La prima parte dell’itinerario va alla scoperta della Sicilia Occidentale, si parte da Palermo da visitare a fondo in ogni sua piazza, vicolo, mercati rionali e spiaggia per godere della sua atmosfera, arte barocca e cibo squisito e poi scendere senza fretta in direzione di Trapani, facendo tappa lungo la costa in luoghi incantevoli come Castellammare del Golfo, Scopello, la Riserva naturale dello Zingaro e San Vito Lo Capo. Una volta visitata la bella Trapani si risale nell’entroterra verso l’antico e panoramico borgo di Erice, poi un bicchiere di vino a Marsala e ancora rotta verso Agrigento, la monumentale Valle dei Templi e la famosa Scala dei Turchi.

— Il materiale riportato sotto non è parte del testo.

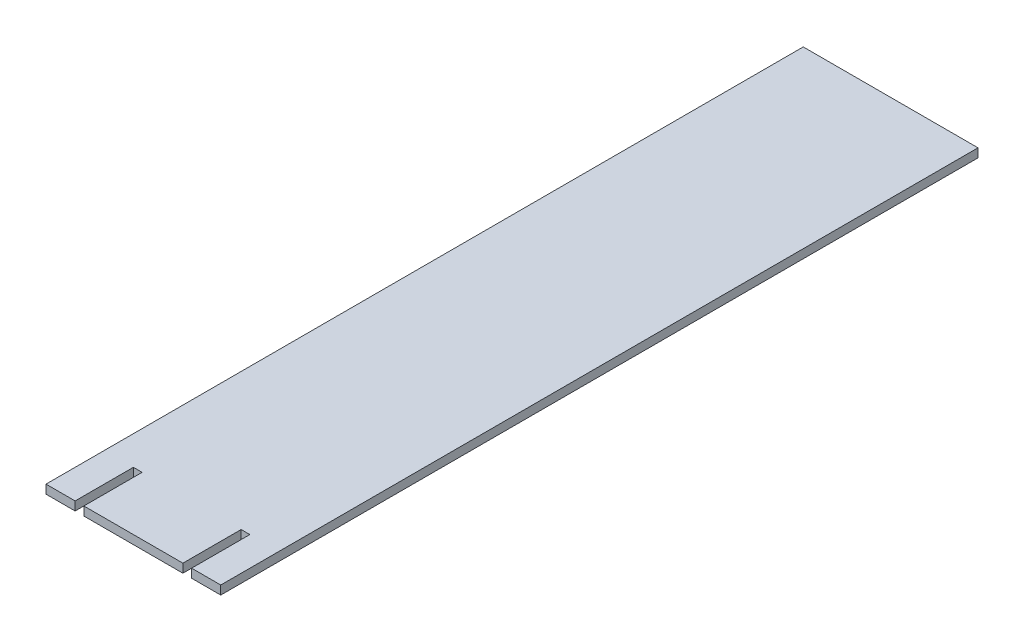
ISO-10303-21;
HEADER;
FILE_DESCRIPTION(('STEP AP214'),'2;1');
FILE_NAME('part.step','',(''),(''),'','','');
FILE_SCHEMA(('AUTOMOTIVE_DESIGN { 1 0 10303 214 1 1 1 1 }'));
ENDSEC;
DATA;
#1=APPLICATION_CONTEXT('core data for automotive mechanical design processes');
#2=APPLICATION_PROTOCOL_DEFINITION('international standard','automotive_design',2000,#1);
#3=PRODUCT_CONTEXT('',#1,'mechanical');
#4=PRODUCT('Part','Part','',(#3));
#5=PRODUCT_RELATED_PRODUCT_CATEGORY('part','',(#4));
#6=PRODUCT_DEFINITION_FORMATION('','',#4);
#7=PRODUCT_DEFINITION_CONTEXT('part definition',#1,'design');
#8=PRODUCT_DEFINITION('design','',#6,#7);
#9=PRODUCT_DEFINITION_SHAPE('','',#8);
#10=(LENGTH_UNIT() NAMED_UNIT(*) SI_UNIT(.MILLI.,.METRE.));
#11=(NAMED_UNIT(*) PLANE_ANGLE_UNIT() SI_UNIT($,.RADIAN.));
#12=(NAMED_UNIT(*) SI_UNIT($,.STERADIAN.) SOLID_ANGLE_UNIT());
#13=UNCERTAINTY_MEASURE_WITH_UNIT(LENGTH_MEASURE(1.E-05),#10,'distance_accuracy_value','');
#14=(GEOMETRIC_REPRESENTATION_CONTEXT(3) GLOBAL_UNCERTAINTY_ASSIGNED_CONTEXT((#13)) GLOBAL_UNIT_ASSIGNED_CONTEXT((#10,
#11,#12)) REPRESENTATION_CONTEXT('',''));
#15=CARTESIAN_POINT('',(0.,0.,0.));
#16=DIRECTION('',(0.,0.,1.));
#17=DIRECTION('',(1.,0.,0.));
#18=AXIS2_PLACEMENT_3D('',#15,#16,#17);
#19=CARTESIAN_POINT('',(0.,3.,0.));
#20=DIRECTION('',(1.,0.,0.));
#21=DIRECTION('',(0.,0.,-1.));
#22=AXIS2_PLACEMENT_3D('',#19,#20,#21);
#23=PLANE('',#22);
#24=DIRECTION('',(0.,0.,1.));
#25=VECTOR('',#24,1.);
#26=CARTESIAN_POINT('',(0.,0.,0.));
#27=LINE('',#26,#25);
#28=CARTESIAN_POINT('',(0.,0.,-260.));
#29=VERTEX_POINT('',#28);
#30=CARTESIAN_POINT('',(0.,0.,0.));
#31=VERTEX_POINT('',#30);
#32=EDGE_CURVE('E164',#29,#31,#27,.T.);
#33=ORIENTED_EDGE('',*,*,#32,.T.);
#34=DIRECTION('',(0.,-1.,0.));
#35=VECTOR('',#34,1.);
#36=CARTESIAN_POINT('',(0.,3.,0.));
#37=LINE('',#36,#35);
#38=CARTESIAN_POINT('',(0.,3.,0.));
#39=VERTEX_POINT('',#38);
#40=EDGE_CURVE('E11',#39,#31,#37,.T.);
#41=ORIENTED_EDGE('',*,*,#40,.F.);
#42=DIRECTION('',(0.,0.,1.));
#43=VECTOR('',#42,1.);
#44=CARTESIAN_POINT('',(0.,3.,0.));
#45=LINE('',#44,#43);
#46=CARTESIAN_POINT('',(0.,3.,-260.));
#47=VERTEX_POINT('',#46);
#48=EDGE_CURVE('E198',#47,#39,#45,.T.);
#49=ORIENTED_EDGE('',*,*,#48,.F.);
#50=DIRECTION('',(0.,-1.,0.));
#51=VECTOR('',#50,1.);
#52=CARTESIAN_POINT('',(0.,3.,-260.));
#53=LINE('',#52,#51);
#54=EDGE_CURVE('E160',#47,#29,#53,.T.);
#55=ORIENTED_EDGE('',*,*,#54,.T.);
#56=EDGE_LOOP('',(#33,#41,#49,#55));
#57=FACE_BOUND('',#56,.T.);
#58=ADVANCED_FACE('F39',(#57),#23,.F.);
#59=CARTESIAN_POINT('',(0.,3.,0.));
#60=DIRECTION('',(0.,0.,-1.));
#61=DIRECTION('',(-1.,0.,0.));
#62=AXIS2_PLACEMENT_3D('',#59,#60,#61);
#63=PLANE('',#62);
#64=DIRECTION('',(1.,0.,0.));
#65=VECTOR('',#64,1.);
#66=CARTESIAN_POINT('',(0.,0.,0.));
#67=LINE('',#66,#65);
#68=CARTESIAN_POINT('',(10.,0.,0.));
#69=VERTEX_POINT('',#68);
#70=EDGE_CURVE('E168',#31,#69,#67,.T.);
#71=ORIENTED_EDGE('',*,*,#70,.T.);
#72=DIRECTION('',(0.,-1.,0.));
#73=VECTOR('',#72,1.);
#74=CARTESIAN_POINT('',(10.,3.,0.));
#75=LINE('',#74,#73);
#76=CARTESIAN_POINT('',(10.,3.,0.));
#77=VERTEX_POINT('',#76);
#78=EDGE_CURVE('E48',#77,#69,#75,.T.);
#79=ORIENTED_EDGE('',*,*,#78,.F.);
#80=DIRECTION('',(1.,0.,0.));
#81=VECTOR('',#80,1.);
#82=CARTESIAN_POINT('',(0.,3.,0.));
#83=LINE('',#82,#81);
#84=EDGE_CURVE('E111',#39,#77,#83,.T.);
#85=ORIENTED_EDGE('',*,*,#84,.F.);
#86=ORIENTED_EDGE('',*,*,#40,.T.);
#87=EDGE_LOOP('',(#71,#79,#85,#86));
#88=FACE_BOUND('',#87,.T.);
#89=ADVANCED_FACE('F292',(#88),#63,.F.);
#90=CARTESIAN_POINT('',(10.,3.,0.));
#91=DIRECTION('',(-1.,0.,0.));
#92=DIRECTION('',(0.,0.,1.));
#93=AXIS2_PLACEMENT_3D('',#90,#91,#92);
#94=PLANE('',#93);
#95=DIRECTION('',(0.,0.,-1.));
#96=VECTOR('',#95,1.);
#97=CARTESIAN_POINT('',(10.,0.,0.));
#98=LINE('',#97,#96);
#99=CARTESIAN_POINT('',(10.,0.,-20.));
#100=VERTEX_POINT('',#99);
#101=EDGE_CURVE('E171',#69,#100,#98,.T.);
#102=ORIENTED_EDGE('',*,*,#101,.T.);
#103=DIRECTION('',(0.,-1.,0.));
#104=VECTOR('',#103,1.);
#105=CARTESIAN_POINT('',(10.,3.,-20.));
#106=LINE('',#105,#104);
#107=CARTESIAN_POINT('',(10.,3.,-20.));
#108=VERTEX_POINT('',#107);
#109=EDGE_CURVE('E225',#108,#100,#106,.T.);
#110=ORIENTED_EDGE('',*,*,#109,.F.);
#111=DIRECTION('',(0.,0.,-1.));
#112=VECTOR('',#111,1.);
#113=CARTESIAN_POINT('',(10.,3.,0.));
#114=LINE('',#113,#112);
#115=EDGE_CURVE('E235',#77,#108,#114,.T.);
#116=ORIENTED_EDGE('',*,*,#115,.F.);
#117=ORIENTED_EDGE('',*,*,#78,.T.);
#118=EDGE_LOOP('',(#102,#110,#116,#117));
#119=FACE_BOUND('',#118,.T.);
#120=ADVANCED_FACE('F233',(#119),#94,.F.);
#121=CARTESIAN_POINT('',(10.,3.,-20.));
#122=DIRECTION('',(0.,0.,-1.));
#123=DIRECTION('',(-1.,0.,0.));
#124=AXIS2_PLACEMENT_3D('',#121,#122,#123);
#125=PLANE('',#124);
#126=DIRECTION('',(1.,0.,0.));
#127=VECTOR('',#126,1.);
#128=CARTESIAN_POINT('',(10.,0.,-20.));
#129=LINE('',#128,#127);
#130=CARTESIAN_POINT('',(13.,0.,-20.));
#131=VERTEX_POINT('',#130);
#132=EDGE_CURVE('E174',#100,#131,#129,.T.);
#133=ORIENTED_EDGE('',*,*,#132,.T.);
#134=DIRECTION('',(0.,-1.,0.));
#135=VECTOR('',#134,1.);
#136=CARTESIAN_POINT('',(13.,3.,-20.));
#137=LINE('',#136,#135);
#138=CARTESIAN_POINT('',(13.,3.,-20.));
#139=VERTEX_POINT('',#138);
#140=EDGE_CURVE('E221',#139,#131,#137,.T.);
#141=ORIENTED_EDGE('',*,*,#140,.F.);
#142=DIRECTION('',(1.,0.,0.));
#143=VECTOR('',#142,1.);
#144=CARTESIAN_POINT('',(10.,3.,-20.));
#145=LINE('',#144,#143);
#146=EDGE_CURVE('E254',#108,#139,#145,.T.);
#147=ORIENTED_EDGE('',*,*,#146,.F.);
#148=ORIENTED_EDGE('',*,*,#109,.T.);
#149=EDGE_LOOP('',(#133,#141,#147,#148));
#150=FACE_BOUND('',#149,.T.);
#151=ADVANCED_FACE('F244',(#150),#125,.F.);
#152=CARTESIAN_POINT('',(13.,3.,0.));
#153=DIRECTION('',(1.,0.,0.));
#154=DIRECTION('',(0.,0.,-1.));
#155=AXIS2_PLACEMENT_3D('',#152,#153,#154);
#156=PLANE('',#155);
#157=DIRECTION('',(0.,0.,1.));
#158=VECTOR('',#157,1.);
#159=CARTESIAN_POINT('',(13.,0.,0.));
#160=LINE('',#159,#158);
#161=CARTESIAN_POINT('',(13.,0.,0.));
#162=VERTEX_POINT('',#161);
#163=EDGE_CURVE('E177',#131,#162,#160,.T.);
#164=ORIENTED_EDGE('',*,*,#163,.T.);
#165=DIRECTION('',(0.,-1.,0.));
#166=VECTOR('',#165,1.);
#167=CARTESIAN_POINT('',(13.,3.,0.));
#168=LINE('',#167,#166);
#169=CARTESIAN_POINT('',(13.,3.,0.));
#170=VERTEX_POINT('',#169);
#171=EDGE_CURVE('E217',#170,#162,#168,.T.);
#172=ORIENTED_EDGE('',*,*,#171,.F.);
#173=DIRECTION('',(0.,0.,1.));
#174=VECTOR('',#173,1.);
#175=CARTESIAN_POINT('',(13.,3.,0.));
#176=LINE('',#175,#174);
#177=EDGE_CURVE('E250',#139,#170,#176,.T.);
#178=ORIENTED_EDGE('',*,*,#177,.F.);
#179=ORIENTED_EDGE('',*,*,#140,.T.);
#180=EDGE_LOOP('',(#164,#172,#178,#179));
#181=FACE_BOUND('',#180,.T.);
#182=ADVANCED_FACE('F248',(#181),#156,.F.);
#183=CARTESIAN_POINT('',(13.,3.,0.));
#184=DIRECTION('',(0.,0.,-1.));
#185=DIRECTION('',(-1.,0.,0.));
#186=AXIS2_PLACEMENT_3D('',#183,#184,#185);
#187=PLANE('',#186);
#188=DIRECTION('',(1.,0.,0.));
#189=VECTOR('',#188,1.);
#190=CARTESIAN_POINT('',(13.,0.,0.));
#191=LINE('',#190,#189);
#192=CARTESIAN_POINT('',(47.,0.,0.));
#193=VERTEX_POINT('',#192);
#194=EDGE_CURVE('E180',#162,#193,#191,.T.);
#195=ORIENTED_EDGE('',*,*,#194,.T.);
#196=DIRECTION('',(0.,-1.,0.));
#197=VECTOR('',#196,1.);
#198=CARTESIAN_POINT('',(47.,3.,0.));
#199=LINE('',#198,#197);
#200=CARTESIAN_POINT('',(47.,3.,0.));
#201=VERTEX_POINT('',#200);
#202=EDGE_CURVE('E213',#201,#193,#199,.T.);
#203=ORIENTED_EDGE('',*,*,#202,.F.);
#204=DIRECTION('',(1.,0.,0.));
#205=VECTOR('',#204,1.);
#206=CARTESIAN_POINT('',(13.,3.,0.));
#207=LINE('',#206,#205);
#208=EDGE_CURVE('E253',#170,#201,#207,.T.);
#209=ORIENTED_EDGE('',*,*,#208,.F.);
#210=ORIENTED_EDGE('',*,*,#171,.T.);
#211=EDGE_LOOP('',(#195,#203,#209,#210));
#212=FACE_BOUND('',#211,.T.);
#213=ADVANCED_FACE('F305',(#212),#187,.F.);
#214=CARTESIAN_POINT('',(47.,3.,0.));
#215=DIRECTION('',(-1.,0.,0.));
#216=DIRECTION('',(0.,0.,1.));
#217=AXIS2_PLACEMENT_3D('',#214,#215,#216);
#218=PLANE('',#217);
#219=DIRECTION('',(0.,0.,-1.));
#220=VECTOR('',#219,1.);
#221=CARTESIAN_POINT('',(47.,0.,0.));
#222=LINE('',#221,#220);
#223=CARTESIAN_POINT('',(47.,0.,-20.));
#224=VERTEX_POINT('',#223);
#225=EDGE_CURVE('E183',#193,#224,#222,.T.);
#226=ORIENTED_EDGE('',*,*,#225,.T.);
#227=DIRECTION('',(0.,-1.,0.));
#228=VECTOR('',#227,1.);
#229=CARTESIAN_POINT('',(47.,3.,-20.));
#230=LINE('',#229,#228);
#231=CARTESIAN_POINT('',(47.,3.,-20.));
#232=VERTEX_POINT('',#231);
#233=EDGE_CURVE('E209',#232,#224,#230,.T.);
#234=ORIENTED_EDGE('',*,*,#233,.F.);
#235=DIRECTION('',(0.,0.,-1.));
#236=VECTOR('',#235,1.);
#237=CARTESIAN_POINT('',(47.,3.,0.));
#238=LINE('',#237,#236);
#239=EDGE_CURVE('E258',#201,#232,#238,.T.);
#240=ORIENTED_EDGE('',*,*,#239,.F.);
#241=ORIENTED_EDGE('',*,*,#202,.T.);
#242=EDGE_LOOP('',(#226,#234,#240,#241));
#243=FACE_BOUND('',#242,.T.);
#244=ADVANCED_FACE('F308',(#243),#218,.F.);
#245=CARTESIAN_POINT('',(47.,3.,-20.));
#246=DIRECTION('',(0.,0.,-1.));
#247=DIRECTION('',(-1.,0.,0.));
#248=AXIS2_PLACEMENT_3D('',#245,#246,#247);
#249=PLANE('',#248);
#250=DIRECTION('',(1.,0.,0.));
#251=VECTOR('',#250,1.);
#252=CARTESIAN_POINT('',(47.,0.,-20.));
#253=LINE('',#252,#251);
#254=CARTESIAN_POINT('',(50.,0.,-20.));
#255=VERTEX_POINT('',#254);
#256=EDGE_CURVE('E186',#224,#255,#253,.T.);
#257=ORIENTED_EDGE('',*,*,#256,.T.);
#258=DIRECTION('',(0.,-1.,0.));
#259=VECTOR('',#258,1.);
#260=CARTESIAN_POINT('',(50.,3.,-20.));
#261=LINE('',#260,#259);
#262=CARTESIAN_POINT('',(50.,3.,-20.));
#263=VERTEX_POINT('',#262);
#264=EDGE_CURVE('E205',#263,#255,#261,.T.);
#265=ORIENTED_EDGE('',*,*,#264,.F.);
#266=DIRECTION('',(1.,0.,0.));
#267=VECTOR('',#266,1.);
#268=CARTESIAN_POINT('',(47.,3.,-20.));
#269=LINE('',#268,#267);
#270=EDGE_CURVE('E265',#232,#263,#269,.T.);
#271=ORIENTED_EDGE('',*,*,#270,.F.);
#272=ORIENTED_EDGE('',*,*,#233,.T.);
#273=EDGE_LOOP('',(#257,#265,#271,#272));
#274=FACE_BOUND('',#273,.T.);
#275=ADVANCED_FACE('F273',(#274),#249,.F.);
#276=CARTESIAN_POINT('',(50.,3.,0.));
#277=DIRECTION('',(1.,0.,0.));
#278=DIRECTION('',(0.,0.,-1.));
#279=AXIS2_PLACEMENT_3D('',#276,#277,#278);
#280=PLANE('',#279);
#281=DIRECTION('',(0.,0.,1.));
#282=VECTOR('',#281,1.);
#283=CARTESIAN_POINT('',(50.,0.,0.));
#284=LINE('',#283,#282);
#285=CARTESIAN_POINT('',(50.,0.,0.));
#286=VERTEX_POINT('',#285);
#287=EDGE_CURVE('E189',#255,#286,#284,.T.);
#288=ORIENTED_EDGE('',*,*,#287,.T.);
#289=DIRECTION('',(0.,-1.,0.));
#290=VECTOR('',#289,1.);
#291=CARTESIAN_POINT('',(50.,3.,0.));
#292=LINE('',#291,#290);
#293=CARTESIAN_POINT('',(50.,3.,0.));
#294=VERTEX_POINT('',#293);
#295=EDGE_CURVE('E153',#294,#286,#292,.T.);
#296=ORIENTED_EDGE('',*,*,#295,.F.);
#297=DIRECTION('',(0.,0.,1.));
#298=VECTOR('',#297,1.);
#299=CARTESIAN_POINT('',(50.,3.,0.));
#300=LINE('',#299,#298);
#301=EDGE_CURVE('E142',#263,#294,#300,.T.);
#302=ORIENTED_EDGE('',*,*,#301,.F.);
#303=ORIENTED_EDGE('',*,*,#264,.T.);
#304=EDGE_LOOP('',(#288,#296,#302,#303));
#305=FACE_BOUND('',#304,.T.);
#306=ADVANCED_FACE('F277',(#305),#280,.F.);
#307=CARTESIAN_POINT('',(50.,3.,0.));
#308=DIRECTION('',(0.,0.,-1.));
#309=DIRECTION('',(-1.,0.,0.));
#310=AXIS2_PLACEMENT_3D('',#307,#308,#309);
#311=PLANE('',#310);
#312=DIRECTION('',(1.,0.,0.));
#313=VECTOR('',#312,1.);
#314=CARTESIAN_POINT('',(50.,0.,0.));
#315=LINE('',#314,#313);
#316=CARTESIAN_POINT('',(60.,0.,0.));
#317=VERTEX_POINT('',#316);
#318=EDGE_CURVE('E151',#286,#317,#315,.T.);
#319=ORIENTED_EDGE('',*,*,#318,.T.);
#320=DIRECTION('',(0.,-1.,0.));
#321=VECTOR('',#320,1.);
#322=CARTESIAN_POINT('',(60.,3.,0.));
#323=LINE('',#322,#321);
#324=CARTESIAN_POINT('',(60.,3.,0.));
#325=VERTEX_POINT('',#324);
#326=EDGE_CURVE('E148',#325,#317,#323,.T.);
#327=ORIENTED_EDGE('',*,*,#326,.F.);
#328=DIRECTION('',(1.,0.,0.));
#329=VECTOR('',#328,1.);
#330=CARTESIAN_POINT('',(50.,3.,0.));
#331=LINE('',#330,#329);
#332=EDGE_CURVE('E136',#294,#325,#331,.T.);
#333=ORIENTED_EDGE('',*,*,#332,.F.);
#334=ORIENTED_EDGE('',*,*,#295,.T.);
#335=EDGE_LOOP('',(#319,#327,#333,#334));
#336=FACE_BOUND('',#335,.T.);
#337=ADVANCED_FACE('F149',(#336),#311,.F.);
#338=CARTESIAN_POINT('',(60.,3.,0.));
#339=DIRECTION('',(-1.,0.,0.));
#340=DIRECTION('',(0.,0.,1.));
#341=AXIS2_PLACEMENT_3D('',#338,#339,#340);
#342=PLANE('',#341);
#343=DIRECTION('',(0.,0.,-1.));
#344=VECTOR('',#343,1.);
#345=CARTESIAN_POINT('',(60.,0.,0.));
#346=LINE('',#345,#344);
#347=CARTESIAN_POINT('',(60.,0.,-260.));
#348=VERTEX_POINT('',#347);
#349=EDGE_CURVE('E97',#317,#348,#346,.T.);
#350=ORIENTED_EDGE('',*,*,#349,.T.);
#351=DIRECTION('',(0.,-1.,0.));
#352=VECTOR('',#351,1.);
#353=CARTESIAN_POINT('',(60.,3.,-260.));
#354=LINE('',#353,#352);
#355=CARTESIAN_POINT('',(60.,3.,-260.));
#356=VERTEX_POINT('',#355);
#357=EDGE_CURVE('E154',#356,#348,#354,.T.);
#358=ORIENTED_EDGE('',*,*,#357,.F.);
#359=DIRECTION('',(0.,0.,-1.));
#360=VECTOR('',#359,1.);
#361=CARTESIAN_POINT('',(60.,3.,0.));
#362=LINE('',#361,#360);
#363=EDGE_CURVE('E140',#325,#356,#362,.T.);
#364=ORIENTED_EDGE('',*,*,#363,.F.);
#365=ORIENTED_EDGE('',*,*,#326,.T.);
#366=EDGE_LOOP('',(#350,#358,#364,#365));
#367=FACE_BOUND('',#366,.T.);
#368=ADVANCED_FACE('F156',(#367),#342,.F.);
#369=CARTESIAN_POINT('',(0.,3.,-260.));
#370=DIRECTION('',(0.,0.,1.));
#371=DIRECTION('',(1.,0.,0.));
#372=AXIS2_PLACEMENT_3D('',#369,#370,#371);
#373=PLANE('',#372);
#374=DIRECTION('',(-1.,0.,0.));
#375=VECTOR('',#374,1.);
#376=CARTESIAN_POINT('',(0.,0.,-260.));
#377=LINE('',#376,#375);
#378=EDGE_CURVE('E103',#348,#29,#377,.T.);
#379=ORIENTED_EDGE('',*,*,#378,.T.);
#380=ORIENTED_EDGE('',*,*,#54,.F.);
#381=DIRECTION('',(-1.,0.,0.));
#382=VECTOR('',#381,1.);
#383=CARTESIAN_POINT('',(0.,3.,-260.));
#384=LINE('',#383,#382);
#385=EDGE_CURVE('E56',#356,#47,#384,.T.);
#386=ORIENTED_EDGE('',*,*,#385,.F.);
#387=ORIENTED_EDGE('',*,*,#357,.T.);
#388=EDGE_LOOP('',(#379,#380,#386,#387));
#389=FACE_BOUND('',#388,.T.);
#390=ADVANCED_FACE('F281',(#389),#373,.F.);
#391=CARTESIAN_POINT('',(0.,3.,0.));
#392=DIRECTION('',(0.,-1.,0.));
#393=DIRECTION('',(0.,0.,-1.));
#394=AXIS2_PLACEMENT_3D('',#391,#392,#393);
#395=PLANE('',#394);
#396=ORIENTED_EDGE('',*,*,#48,.T.);
#397=ORIENTED_EDGE('',*,*,#84,.T.);
#398=ORIENTED_EDGE('',*,*,#115,.T.);
#399=ORIENTED_EDGE('',*,*,#146,.T.);
#400=ORIENTED_EDGE('',*,*,#177,.T.);
#401=ORIENTED_EDGE('',*,*,#208,.T.);
#402=ORIENTED_EDGE('',*,*,#239,.T.);
#403=ORIENTED_EDGE('',*,*,#270,.T.);
#404=ORIENTED_EDGE('',*,*,#301,.T.);
#405=ORIENTED_EDGE('',*,*,#332,.T.);
#406=ORIENTED_EDGE('',*,*,#363,.T.);
#407=ORIENTED_EDGE('',*,*,#385,.T.);
#408=EDGE_LOOP('',(#396,#397,#398,#399,#400,#401,#402,#403,#404,#405,#406,#407));
#409=FACE_BOUND('',#408,.T.);
#410=ADVANCED_FACE('F138',(#409),#395,.F.);
#411=CARTESIAN_POINT('',(0.,0.,0.));
#412=DIRECTION('',(0.,-1.,0.));
#413=DIRECTION('',(0.,0.,-1.));
#414=AXIS2_PLACEMENT_3D('',#411,#412,#413);
#415=PLANE('',#414);
#416=ORIENTED_EDGE('',*,*,#32,.F.);
#417=ORIENTED_EDGE('',*,*,#378,.F.);
#418=ORIENTED_EDGE('',*,*,#349,.F.);
#419=ORIENTED_EDGE('',*,*,#318,.F.);
#420=ORIENTED_EDGE('',*,*,#287,.F.);
#421=ORIENTED_EDGE('',*,*,#256,.F.);
#422=ORIENTED_EDGE('',*,*,#225,.F.);
#423=ORIENTED_EDGE('',*,*,#194,.F.);
#424=ORIENTED_EDGE('',*,*,#163,.F.);
#425=ORIENTED_EDGE('',*,*,#132,.F.);
#426=ORIENTED_EDGE('',*,*,#101,.F.);
#427=ORIENTED_EDGE('',*,*,#70,.F.);
#428=EDGE_LOOP('',(#416,#417,#418,#419,#420,#421,#422,#423,#424,#425,#426,#427));
#429=FACE_BOUND('',#428,.T.);
#430=ADVANCED_FACE('F239',(#429),#415,.T.);
#431=CLOSED_SHELL('',(#58,#89,#120,#151,#182,#213,#244,#275,#306,#337,#368,#390,#410,#430));
#432=MANIFOLD_SOLID_BREP('B2',#431);
#433=ADVANCED_BREP_SHAPE_REPRESENTATION('',(#18,#432),#14);
#434=SHAPE_DEFINITION_REPRESENTATION(#9,#433);
ENDSEC;
END-ISO-10303-21;

Sull’altro versante invece, quello orientale, la partenza è fissata nella bellissima e città di Catania con il suo prestigioso centro storico e la sua atmosfera frizzante per poi proseguire verso i patrimoni dell’Unesco racchiusi nella città barocca di Siracusa con la sua incredibile isola di Ortigia. Da qui si prende la strada statale che taglia la magnifica Val di Noto fiancheggiando uliveti e agrumeti con l’imponente sagoma scura dell’Etna a dominare il paesaggio. Noto capitale del Barocco siciliano, Modica con le sue prelibatezze, Scicli per la sua fama letterario-cinematografica, Ragusa per il suo labirintico centro storico e Avola per il suo vino squisito sono tutte tappe imprescindibili per scoprire metro dopo metro tutti gli incredibili tesori di una terra favolosa, in un viaggio on the road indimenticabile.